It’s forty years since she jumped from the balcony of the eighteenth–floor New York apartment in which she lived with her husband and son. When she died, she was fifty, and had written five novels – one of which, Diary of a Mad Housewife, was made into a film – and a collection of fifteen short stories, The Master and Other Stories.
While she was still at Vassar – where she majored in English and minored in art history and criticism – her first short story was bought for publication. It was one of the books of stories that formed her senior thesis. After graduating, she worked for Mademoiselle magazine for two years, as assistant to the fiction editor, before leaving to marry and write.
Let’s start with the Icarus complex – as defined by Henry Murray, a director of the Harvard Psychological Clinic and founder of the Boston Psychoanalytic Society. He coined the term to describe a particular type of over-ambitious character, as noted on mental health blog MyTwistedWonderland:
The concept of the Icarus complex […] is that when the gap between the idealized goal and reality is great, there is a greater chance that the endeavour will end in failure […] The complex associated with Icarus conveys the joy in flight, the pendulous emotional polarities, mania exhibited by flying too high, whereby he got burned – followed closely by his inevitable emotional crash that followed his flight of mania into depression – drowning in the sea of depression.
A meticulous observer of the Manhattan middle-class into which she was born, Kaufman depicted characters with delicate strokes of a barbed pen. Her themes – neurosis, depression, therapy, tranquillisers, the stress of city life, the domestic drudgeries of marriage, the social comedies of the Manhattan bourgeoisie, the ever-widening gap between the life she had and the one she’d expected – never made dreary reading. Her voice was rarely other than ironic and literary, blackly comic. But it was always, too, the voice of a woman who, having in childhood been given the promise of a life as a Jewish Princess, is in an interminable struggle with the slings and arrows of aching disappointment.
We see it – or at least I read it – most clearly in her short story ‘Icarus’, in which she records, in a third-person narrative, the day a mother gives birth. The birth, Kaufman writes, is ‘a burst of glory’, but not for long: ‘What – oh what – what had happened to the burst of glory with which the day began?’ the mother asks herself a few hours later, weeping. For some reason Pieter Breugel’s Fall of Icarus, a painting she loved, comes into her mind. This motif – the falling body, the dazzle of glory followed by the plunge into oblivion – haunts every one of Kaufman’s stories, and every novel. As does her shame about her emotions: in ‘Icarus’, the mother answers the phone to a friend, who is immediately concerned.
“Are you crying? You are! What’s wrong?”
Ashamed and distressed (was she sick in some way?) she mumbled that she did not know, then unexpectedly giggled and added, “Just a little postpartum depression, I guess.”

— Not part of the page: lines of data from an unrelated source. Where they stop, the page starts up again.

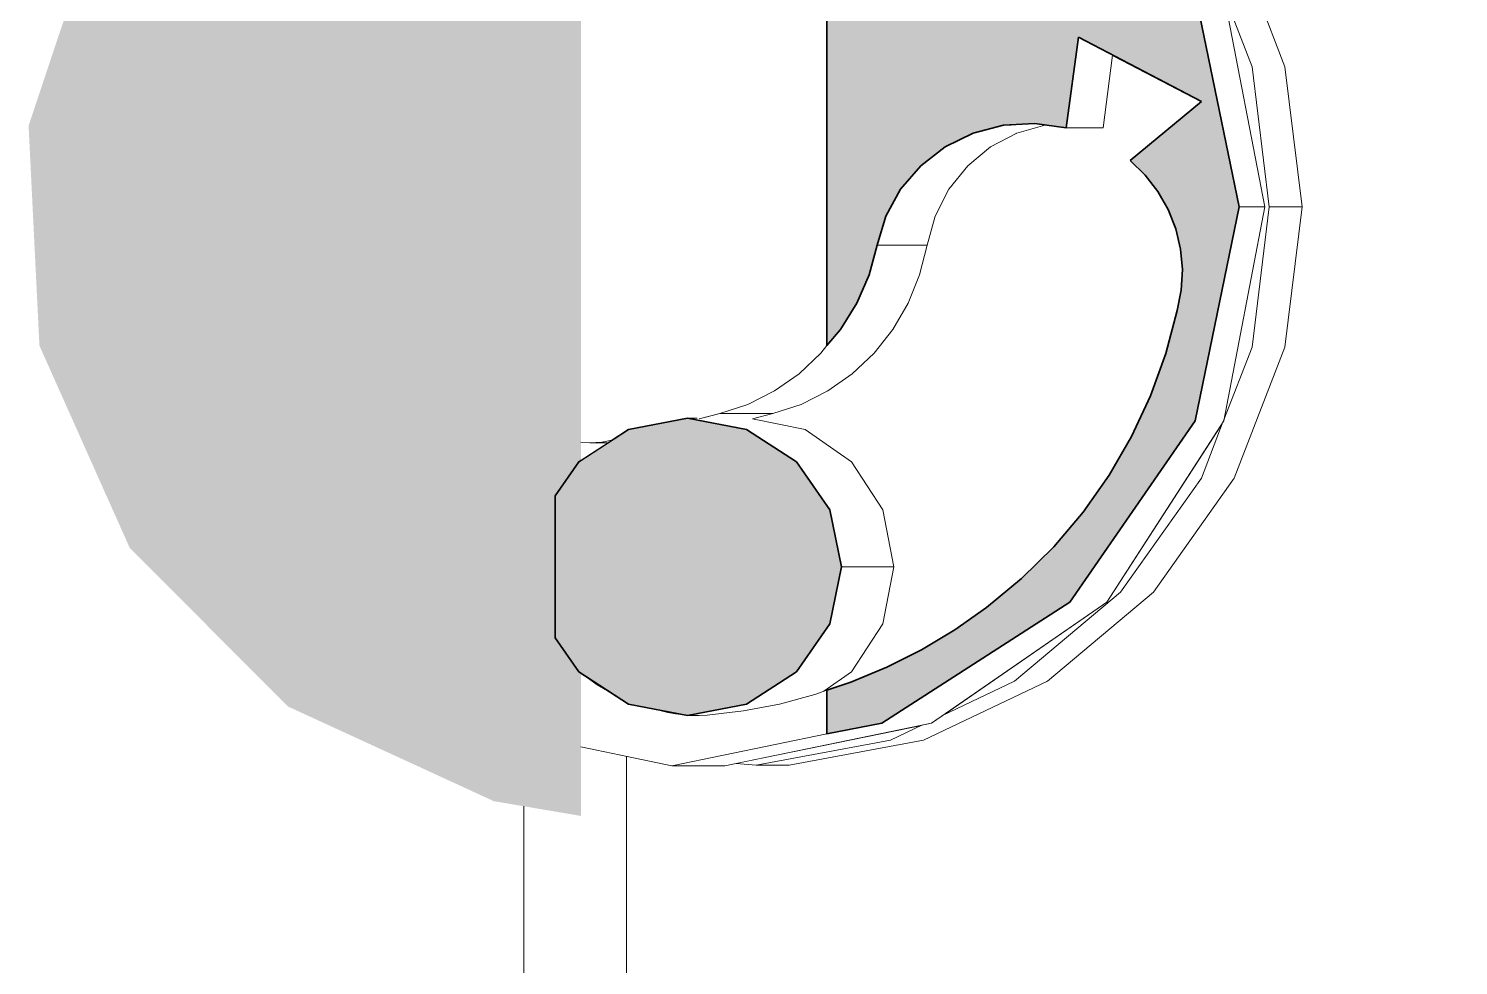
# Model space of a CAD drawing. Header units: millimetres. Extents: x -48147 to 1422273, y -494195 to 18123.
# Drawn here: x 1397825.4 to 1397892.8, y -486487.5 to -486443.4 of the extents above; entities that cross this region are included whole.
import ezdxf

# ---------------------------------------------------------------- set-up
doc = ezdxf.new("R2010")
doc.units = ezdxf.units.MM
doc.header["$MEASUREMENT"] = 0
doc.linetypes.add('Wipeout_Contour', pattern=[1000, 0, -1000])
doc.layers.add('New_A-35-M_FFE_Fixed', color=7, linetype='Continuous')
doc.layers.add('New_A-35-M_FFE_Fixed_Pen_No__1', color=7, linetype='Continuous', lineweight=13)
doc.layers.add('New_A-35-M_FFE_Fixed_Pen_No__104', color=7, linetype='Continuous', lineweight=15, true_color=0xa6a6a6)
doc.layers.add('New_A-35-M_FFE_Fixed_Pen_No__44', color=7, linetype='Continuous', lineweight=35, true_color=0x444444)

# ---------------------------------------------------------------- blocks, each defined once
blk = doc.blocks.new('Section Elem_314_2', base_point=(1383917.507, -489195.031))
at = {"color": 254, "linetype": 'Wipeout_Contour', "lineweight": 0, "ltscale": 74004819.00588876}
blk.add_wipeout([(1397860.502, -486461.495), (1397859.537, -486461.735), (1397862.013, -486462.245), (1397864.207, -486463.763), (1397865.672, -486466.033), (1397866.187, -486468.712), (1397865.672, -486471.391), (1397864.207, -486473.662), (1397862.895, -486474.569), (1397863.044, -486474.516), (1397864.169, -486474.142), (1397865.861, -486473.439), (1397867.496, -486472.617), (1397869.062, -486471.68), (1397870.553, -486470.633), (1397872.203, -486469.264), (1397873.724, -486467.761), (1397875.102, -486466.136), (1397876.328, -486464.4), (1397877.392, -486462.567), (1397878.286, -486460.652), (1397879.003, -486458.668), (1397879.537, -486456.631), (1397879.729, -486455.678), (1397879.783, -486454.708), (1397879.697, -486453.741), (1397879.474, -486452.794), (1397879.117, -486451.886), (1397878.633, -486451.035), (1397878.032, -486450.257), (1397877.326, -486449.566), (1397880.678, -486446.801), (1397876.491, -486444.605), (1397876.056, -486448.031), (1397874.303, -486448.031), (1397873.412, -486447.906), (1397873.312, -486447.913), (1397871.98, -486448.287), (1397870.749, -486448.934), (1397869.671, -486449.826), (1397868.79, -486450.926), (1397868.143, -486452.188), (1397867.757, -486453.56), (1397867.408, -486454.957), (1397866.869, -486456.288), (1397866.15, -486457.525), (1397865.267, -486458.642), (1397864.238, -486459.616), (1397863.084, -486460.427), (1397861.83, -486461.058)], dxfattribs=at).dxf.layer = 'New_A-35-M_FFE_Fixed'
at = {"color": 254, "linetype": 'Wipeout_Contour', "lineweight": 0, "ltscale": 5920319.501184336}
blk.add_wipeout([(1397851.872, -486462.872), (1397851.454, -486462.844), (1397851.454, -486463.698), (1397852.735, -486462.872)], dxfattribs=at).dxf.layer = 'New_A-35-M_FFE_Fixed'
at = {"color": 254, "linetype": 'Wipeout_Contour', "lineweight": 0, "ltscale": 5920382.567285398}
blk.add_wipeout([(1397866.04, -486476.876), (1397859.711, -486478.044), (1397861.264, -486478.044), (1397867.593, -486476.876)], dxfattribs=at).dxf.layer = 'New_A-35-M_FFE_Fixed'
at = {"color": 254, "linetype": 'Wipeout_Contour', "lineweight": 0, "ltscale": 8880535.561447922}
blk.add_wipeout([(1397848.775, -486523.757), (1397853.605, -486523.757), (1397853.605, -486477.638), (1397851.454, -486477.195), (1397851.454, -486480.441), (1397848.775, -486479.988)], dxfattribs=at).dxf.layer = 'New_A-35-M_FFE_Fixed'
at = {"color": 254, "linetype": 'Wipeout_Contour', "lineweight": 0, "ltscale": 8880627.518055327}
blk.add_wipeout([(1397876.217, -486470.367), (1397868.487, -486475.715), (1397871.883, -486474.103), (1397876.868, -486469.9), (1397880.675, -486464.538), (1397881.71, -486461.856)], dxfattribs=at).dxf.layer = 'New_A-35-M_FFE_Fixed'
at = {"color": 254, "linetype": 'Wipeout_Contour', "lineweight": 0, "ltscale": 5920380.080018447}
blk.add_wipeout([(1397858.765, -486477.968), (1397859.711, -486478.044), (1397866.04, -486476.876), (1397867.551, -486476.159)], dxfattribs=at).dxf.layer = 'New_A-35-M_FFE_Fixed'
at = {"color": 254, "linetype": 'Wipeout_Contour', "lineweight": 0, "ltscale": 8880631.84645302}
blk.add_wipeout([(1397881.735, -486441.721), (1397883.663, -486451.757), (1397881.735, -486461.792), (1397883.061, -486458.358), (1397883.874, -486451.757), (1397883.061, -486445.155)], dxfattribs=at).dxf.layer = 'New_A-35-M_FFE_Fixed'
at = {"color": 254, "linetype": 'Wipeout_Contour', "lineweight": 0, "ltscale": 5920429.154244972}
blk.add_wipeout([(1397880.675, -486464.538), (1397876.868, -486469.9), (1397878.421, -486469.9), (1397882.228, -486464.538)], dxfattribs=at).dxf.layer = 'New_A-35-M_FFE_Fixed'
at = {"color": 254, "linetype": 'Wipeout_Contour', "lineweight": 0, "ltscale": 10360701.60264656}
blk.add_wipeout([(1397867.551, -486476.159), (1397866.04, -486476.876), (1397867.593, -486476.876), (1397873.436, -486474.103), (1397871.883, -486474.103), (1397868.487, -486475.715), (1397867.969, -486476.073)], dxfattribs=at).dxf.layer = 'New_A-35-M_FFE_Fixed'
at = {"color": 254, "linetype": 'Wipeout_Contour', "lineweight": 0, "ltscale": 10360711.24504273}
blk.add_wipeout([(1397880.675, -486438.975), (1397881.71, -486441.657), (1397881.728, -486441.684), (1397881.735, -486441.721), (1397883.061, -486445.155), (1397884.614, -486445.155), (1397882.228, -486438.975)], dxfattribs=at).dxf.layer = 'New_A-35-M_FFE_Fixed'
at = {"color": 254, "linetype": 'Wipeout_Contour', "lineweight": 0, "ltscale": 10360756.70283748}
blk.add_wipeout([(1397880.675, -486464.538), (1397882.228, -486464.538), (1397884.614, -486458.358), (1397883.061, -486458.358), (1397881.735, -486461.792), (1397881.728, -486461.829), (1397881.71, -486461.856)], dxfattribs=at).dxf.layer = 'New_A-35-M_FFE_Fixed'
at = {"color": 254, "linetype": 'Wipeout_Contour', "lineweight": 0, "ltscale": 5920418.835079274}
blk.add_wipeout([(1397876.868, -486469.9), (1397871.883, -486474.103), (1397873.436, -486474.103), (1397878.421, -486469.9)], dxfattribs=at).dxf.layer = 'New_A-35-M_FFE_Fixed'
at = {"color": 254, "linetype": 'Wipeout_Contour', "lineweight": 0, "ltscale": 5920422.227802083}
blk.add_wipeout([(1397883.061, -486445.155), (1397883.874, -486451.757), (1397885.427, -486451.757), (1397884.614, -486445.155)], dxfattribs=at).dxf.layer = 'New_A-35-M_FFE_Fixed'
at = {"color": 254, "linetype": 'Wipeout_Contour', "lineweight": 0, "ltscale": 5920430.906621886}
blk.add_wipeout([(1397883.874, -486451.757), (1397883.061, -486458.358), (1397884.614, -486458.358), (1397885.427, -486451.757)], dxfattribs=at).dxf.layer = 'New_A-35-M_FFE_Fixed'
at = {"color": 254, "linetype": 'Wipeout_Contour', "lineweight": 0, "ltscale": 140608080.7695163}
blk.add_wipeout([(1397840.669, -486144.81), (1397840.816, -486147.506), (1397849.286, -486223.38), (1397849.286, -486379.757), (1397853.605, -486379.757), (1397853.605, -486425.875), (1397855.733, -486425.437), (1397858.241, -486425.437), (1397858.765, -486425.545), (1397859.711, -486425.469), (1397861.264, -486425.469), (1397867.593, -486426.637), (1397873.436, -486429.411), (1397878.421, -486433.613), (1397882.228, -486438.975), (1397884.614, -486445.155), (1397885.427, -486451.757), (1397884.614, -486458.358), (1397882.228, -486464.538), (1397878.421, -486469.9), (1397873.436, -486474.103), (1397867.593, -486476.876), (1397861.264, -486478.044), (1397859.711, -486478.044), (1397858.765, -486477.968), (1397858.241, -486478.076), (1397855.733, -486478.076), (1397853.605, -486477.638), (1397853.605, -486523.757), (1397849.263, -486523.757), (1397849.258, -486572.257), (1397905.09, -486572.257), (1397906.091, -486572.148), (1397907.048, -486571.828), (1397907.92, -486571.309), (1397908.669, -486570.614), (1397909.263, -486569.774), (1397909.676, -486568.824), (1397909.89, -486567.807), (1397909.896, -486566.765), (1397909.006, -486557.084), (1397908.18, -486547.398), (1397907.419, -486537.705), (1397906.724, -486528.007), (1397906.093, -486518.304), (1397905.528, -486508.597), (1397905.027, -486498.887), (1397904.592, -486489.173), (1397904.406, -486484.497), (1397904.235, -486479.822), (1397904.079, -486475.145), (1397903.938, -486470.468), (1397903.812, -486465.791), (1397903.702, -486461.113), (1397903.606, -486456.435), (1397903.526, -486451.757), (1397903.474, -486448.132), (1397903.431, -486444.507), (1397903.397, -486440.882), (1397903.372, -486437.257), (1397903.357, -486433.632), (1397903.35, -486430.007), (1397903.353, -486426.382), (1397903.364, -486422.757), (1397903.581, -486403.286), (1397904.06, -486383.819), (1397904.8, -486364.362), (1397905.801, -486344.917), (1397907.064, -486325.489), (1397908.587, -486306.081), (1397910.371, -486286.696), (1397912.416, -486267.339), (1397913.965, -486250.318), (1397914.791, -486233.244), (1397914.895, -486216.148), (1397914.274, -486199.065), (1397912.931, -486182.025), (1397910.868, -486165.063), (1397908.089, -486148.211), (1397904.599, -486131.501), (1397903.64, -486128.654), (1397902.151, -486126.063), (1397900.191, -486123.833), (1397897.84, -486122.054), (1397895.192, -486120.797), (1397892.355, -486120.114), (1397889.444, -486120.032), (1397886.576, -486120.555), (1397851.217, -486130.878), (1397848.78, -486131.842), (1397846.549, -486133.244), (1397844.597, -486135.036), (1397842.988, -486137.162), (1397841.773, -486139.552), (1397840.991, -486142.129)], dxfattribs=at).dxf.layer = 'New_A-35-M_FFE_Fixed'
at = {"layer": 'New_A-35-M_FFE_Fixed_Pen_No__1', "linetype": 'Continuous'}
for p, q in [((1397884.614, -486445.155), (1397885.427, -486451.757)), ((1397885.427, -486451.757), (1397884.614, -486458.358)), ((1397848.775, -486523.757), (1397848.775, -486479.988))]:
    blk.add_line(p, q, dxfattribs=at)
at = {"layer": 'New_A-35-M_FFE_Fixed_Pen_No__44', "linetype": 'Continuous'}
blk.add_line((1397850.243, -486465.368), (1397850.243, -486472.056), dxfattribs=at)
at = {"color": 254, "linetype": 'Wipeout_Contour', "lineweight": 0, "ltscale": 5920385.858313588}
blk.add_wipeout([(1397874.303, -486448.031), (1397876.056, -486448.031), (1397876.491, -486444.605), (1397874.885, -486443.763)], dxfattribs=at).dxf.layer = 'New_A-35-M_FFE_Fixed'
at = {"color": 254, "linetype": 'Wipeout_Contour', "lineweight": 0, "ltscale": 5920377.661155489}
blk.add_wipeout([(1397871.362, -486447.913), (1397873.312, -486447.913), (1397873.412, -486447.906), (1397872.839, -486447.826)], dxfattribs=at).dxf.layer = 'New_A-35-M_FFE_Fixed'
at = {"color": 254, "linetype": 'Wipeout_Contour', "lineweight": 0, "ltscale": 5920369.803086416}
blk.add_wipeout([(1397868.615, -486448.934), (1397870.749, -486448.934), (1397871.98, -486448.287), (1397869.934, -486448.287)], dxfattribs=at).dxf.layer = 'New_A-35-M_FFE_Fixed'
at = {"color": 254, "linetype": 'Wipeout_Contour', "lineweight": 0, "ltscale": 5920362.345142766}
blk.add_wipeout([(1397865.822, -486452.188), (1397868.143, -486452.188), (1397868.79, -486450.926), (1397866.515, -486450.926)], dxfattribs=at).dxf.layer = 'New_A-35-M_FFE_Fixed'
at = {"color": 254, "linetype": 'Wipeout_Contour', "lineweight": 0, "ltscale": 5920362.44471448}
blk.add_wipeout([(1397865.034, -486454.957), (1397867.408, -486454.957), (1397867.757, -486453.56), (1397865.409, -486453.56)], dxfattribs=at).dxf.layer = 'New_A-35-M_FFE_Fixed'
at = {"color": 254, "linetype": 'Wipeout_Contour', "lineweight": 0, "ltscale": 10360598.99533565}
blk.add_wipeout([(1397856.479, -486461.712), (1397859.252, -486462.245), (1397862.013, -486462.245), (1397859.425, -486461.712), (1397857.123, -486461.712), (1397857.03, -486461.735), (1397856.918, -486461.712)], dxfattribs=at).dxf.layer = 'New_A-35-M_FFE_Fixed'
at = {"color": 254, "linetype": 'Wipeout_Contour', "lineweight": 0, "ltscale": 5920376.735500276}
blk.add_wipeout([(1397863.174, -486471.391), (1397865.672, -486471.391), (1397866.187, -486468.712), (1397863.725, -486468.712)], dxfattribs=at).dxf.layer = 'New_A-35-M_FFE_Fixed'
at = {"color": 254, "linetype": 'Wipeout_Contour', "lineweight": 0, "ltscale": 11840720.30396555}
blk.add_wipeout([(1397856.479, -486475.712), (1397856.929, -486475.71), (1397857.032, -486475.711), (1397857.406, -486475.694), (1397859.028, -486475.51), (1397859.115, -486475.5), (1397860.783, -486475.179), (1397859.252, -486475.179)], dxfattribs=at).dxf.layer = 'New_A-35-M_FFE_Fixed'
at = {"layer": 'New_A-35-M_FFE_Fixed_Pen_No__1', "linetype": 'Continuous'}
for p, q in [((1397876.491, -486444.605), (1397876.056, -486448.031)), ((1397876.056, -486448.031), (1397874.303, -486448.031))]:
    blk.add_line(p, q, dxfattribs=at)
at = {"layer": 'New_A-35-M_FFE_Fixed_Pen_No__44', "linetype": 'Continuous'}
blk.add_line((1397874.885, -486443.763), (1397874.303, -486448.031), dxfattribs=at)
at = {"color": 254, "linetype": 'Wipeout_Contour', "lineweight": 0, "ltscale": 5920374.14467307}
blk.add_wipeout([(1397869.934, -486448.287), (1397871.98, -486448.287), (1397873.312, -486447.913), (1397871.362, -486447.913)], dxfattribs=at).dxf.layer = 'New_A-35-M_FFE_Fixed'
at = {"color": 254, "linetype": 'Wipeout_Contour', "lineweight": 0, "ltscale": 5920363.777551824}
blk.add_wipeout([(1397866.515, -486450.926), (1397868.79, -486450.926), (1397869.671, -486449.826), (1397867.459, -486449.826)], dxfattribs=at).dxf.layer = 'New_A-35-M_FFE_Fixed'
at = {"color": 254, "linetype": 'Wipeout_Contour', "lineweight": 0, "ltscale": 5920362.061480016}
blk.add_wipeout([(1397868.143, -486452.188), (1397865.822, -486452.188), (1397865.409, -486453.56), (1397867.757, -486453.56)], dxfattribs=at).dxf.layer = 'New_A-35-M_FFE_Fixed'
at = {"color": 254, "linetype": 'Wipeout_Contour', "lineweight": 0, "ltscale": 5920356.416175428}
blk.add_wipeout([(1397862.013, -486462.245), (1397859.252, -486462.245), (1397861.603, -486463.763), (1397864.207, -486463.763)], dxfattribs=at).dxf.layer = 'New_A-35-M_FFE_Fixed'
at = {"color": 254, "linetype": 'Wipeout_Contour', "lineweight": 0, "ltscale": 10360650.37513195}
blk.add_wipeout([(1397859.252, -486475.179), (1397860.783, -486475.179), (1397860.805, -486475.175), (1397862.468, -486474.722), (1397862.895, -486474.569), (1397864.207, -486473.662), (1397861.603, -486473.662)], dxfattribs=at).dxf.layer = 'New_A-35-M_FFE_Fixed'
at = {"layer": 'New_A-35-M_FFE_Fixed_Pen_No__1', "linetype": 'Continuous'}
for p, q in [((1397873.312, -486447.913), (1397871.98, -486448.287)), ((1397873.412, -486447.906), (1397873.312, -486447.913)), ((1397868.79, -486450.926), (1397868.143, -486452.188)), ((1397868.143, -486452.188), (1397867.757, -486453.56)), ((1397867.757, -486453.56), (1397865.409, -486453.56))]:
    blk.add_line(p, q, dxfattribs=at)
at = {"color": 254, "linetype": 'Wipeout_Contour', "lineweight": 0, "ltscale": 42922362.05613911}
blk.add_wipeout([(1397851.454, -486442.802), (1397851.454, -486462.844), (1397851.872, -486462.872), (1397852.45, -486462.838), (1397852.921, -486462.751), (1397853.705, -486462.245), (1397856.479, -486461.712), (1397856.918, -486461.712), (1397857.03, -486461.735), (1397857.994, -486461.495), (1397859.323, -486461.058), (1397860.577, -486460.427), (1397861.731, -486459.616), (1397862.76, -486458.642), (1397863.044, -486458.282), (1397863.044, -486442.04), (1397862.774, -486441.895), (1397862.318, -486441.525), (1397861.822, -486441.215), (1397861.295, -486440.969), (1397860.742, -486440.79), (1397860.173, -486440.68), (1397859.595, -486440.642), (1397859.017, -486440.675), (1397858.447, -486440.78), (1397857.501, -486441.015), (1397857.136, -486441.268), (1397853.435, -486442.03), (1397852.144, -486442.455)], dxfattribs=at).dxf.layer = 'New_A-35-M_FFE_Fixed'
at = {"color": 254, "linetype": 'Wipeout_Contour', "lineweight": 0, "ltscale": 5920366.298641013}
blk.add_wipeout([(1397867.459, -486449.826), (1397869.671, -486449.826), (1397870.749, -486448.934), (1397868.615, -486448.934)], dxfattribs=at).dxf.layer = 'New_A-35-M_FFE_Fixed'
at = {"color": 254, "linetype": 'Wipeout_Contour', "lineweight": 0, "ltscale": 5920366.072149842}
blk.add_wipeout([(1397863.174, -486466.033), (1397865.672, -486466.033), (1397864.207, -486463.763), (1397861.603, -486463.763)], dxfattribs=at).dxf.layer = 'New_A-35-M_FFE_Fixed'
at = {"color": 254, "linetype": 'Wipeout_Contour', "lineweight": 0, "ltscale": 5920376.101365417}
blk.add_wipeout([(1397861.603, -486473.662), (1397864.207, -486473.662), (1397865.672, -486471.391), (1397863.174, -486471.391)], dxfattribs=at).dxf.layer = 'New_A-35-M_FFE_Fixed'
at = {"layer": 'New_A-35-M_FFE_Fixed_Pen_No__1', "linetype": 'Continuous'}
for p, q in [((1397871.98, -486448.287), (1397870.749, -486448.934)), ((1397870.749, -486448.934), (1397869.671, -486449.826)), ((1397869.671, -486449.826), (1397868.79, -486450.926)), ((1397862.013, -486462.245), (1397864.207, -486463.763))]:
    blk.add_line(p, q, dxfattribs=at)
at = {"color": 254, "linetype": 'Wipeout_Contour', "lineweight": 0, "ltscale": 7400429.78683778}
blk.add_wipeout([(1397857.994, -486461.495), (1397857.123, -486461.712), (1397859.425, -486461.712), (1397859.537, -486461.735), (1397860.502, -486461.495)], dxfattribs=at).dxf.layer = 'New_A-35-M_FFE_Fixed'
at = {"color": 254, "linetype": 'Wipeout_Contour', "lineweight": 0, "ltscale": 5920320.543867835}
blk.add_wipeout([(1397851.872, -486462.872), (1397852.735, -486462.872), (1397852.786, -486462.838), (1397852.45, -486462.838)], dxfattribs=at).dxf.layer = 'New_A-35-M_FFE_Fixed'
at = {"color": 254, "linetype": 'Wipeout_Contour', "lineweight": 0, "ltscale": 5920373.213710348}
blk.add_wipeout([(1397863.725, -486468.712), (1397866.187, -486468.712), (1397865.672, -486466.033), (1397863.174, -486466.033)], dxfattribs=at).dxf.layer = 'New_A-35-M_FFE_Fixed'
at = {"color": 254, "linetype": 'Wipeout_Contour', "lineweight": 0, "ltscale": 5920404.980869901}
blk.add_wipeout([(1397865.636, -486476.073), (1397867.969, -486476.073), (1397876.217, -486470.367), (1397874.476, -486470.367)], dxfattribs=at).dxf.layer = 'New_A-35-M_FFE_Fixed'
at = {"color": 254, "linetype": 'Wipeout_Contour', "lineweight": 0, "ltscale": 37002195.55323716}
blk.add_wipeout([(1397851.717, -486473.896), (1397851.454, -486473.726), (1397851.454, -486477.195), (1397855.733, -486478.076), (1397863.044, -486476.571), (1397863.044, -486474.516), (1397862.468, -486474.722), (1397860.805, -486475.175), (1397859.115, -486475.5), (1397857.406, -486475.694), (1397857.032, -486475.711), (1397856.929, -486475.71), (1397856.918, -486475.712), (1397856.479, -486475.712), (1397856.337, -486475.685), (1397856.285, -486475.681), (1397855.914, -486475.635), (1397855.545, -486475.566), (1397855.181, -486475.477), (1397855.056, -486475.439), (1397853.705, -486475.179), (1397852.782, -486474.583), (1397852.711, -486474.55), (1397852.223, -486474.265), (1397851.762, -486473.935)], dxfattribs=at).dxf.layer = 'New_A-35-M_FFE_Fixed'
at = {"layer": 'New_A-35-M_FFE_Fixed_Pen_No__1', "linetype": 'Continuous'}
for p, q in [((1397856.931, -486461.712), (1397856.479, -486461.712)), ((1397851.454, -486462.844), (1397851.872, -486462.872)), ((1397864.207, -486463.763), (1397865.672, -486466.033)), ((1397865.672, -486466.033), (1397866.187, -486468.712)), ((1397866.187, -486468.712), (1397863.725, -486468.712)), ((1397866.187, -486468.712), (1397865.672, -486471.391)), ((1397865.672, -486471.391), (1397864.207, -486473.662)), ((1397864.207, -486473.662), (1397862.895, -486474.569)), ((1397871.883, -486474.103), (1397868.487, -486475.715)), ((1397862.468, -486474.722), (1397860.805, -486475.175)), ((1397863.044, -486474.516), (1397862.468, -486474.722)), ((1397859.115, -486475.5), (1397857.406, -486475.694)), ((1397860.805, -486475.175), (1397859.115, -486475.5)), ((1397857.032, -486475.711), (1397856.917, -486475.71)), ((1397857.406, -486475.694), (1397857.032, -486475.711)), ((1397853.605, -486523.757), (1397853.605, -486477.638))]:
    blk.add_line(p, q, dxfattribs=at)
at = {"color": 254, "linetype": 'Wipeout_Contour', "lineweight": 0, "ltscale": 5920347.163006767}
blk.add_wipeout([(1397859.323, -486461.058), (1397857.994, -486461.495), (1397860.502, -486461.495), (1397861.83, -486461.058)], dxfattribs=at).dxf.layer = 'New_A-35-M_FFE_Fixed'
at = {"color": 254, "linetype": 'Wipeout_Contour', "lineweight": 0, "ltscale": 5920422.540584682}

She can’t sleep just after giving birth:
[She] laughingly washed down the sleeping pill with champagne. Alcohol and Seconal – an overpowering combination, one would think, yet obviously not powerful enough for the terrible state of her nerves. She decided against ringing for another pill – ashamed, she didn’t want the nurses to know, and instead lit a cigarette. When she snapped on the gooseneck lamp, the room that sprang out of the shadow looked like a stateroom for some improbably luxurious voyage: flowers everywhere, a jungle of bottles on the bureau […] a teetering pile of gift boxes trailing ribbons to the floor.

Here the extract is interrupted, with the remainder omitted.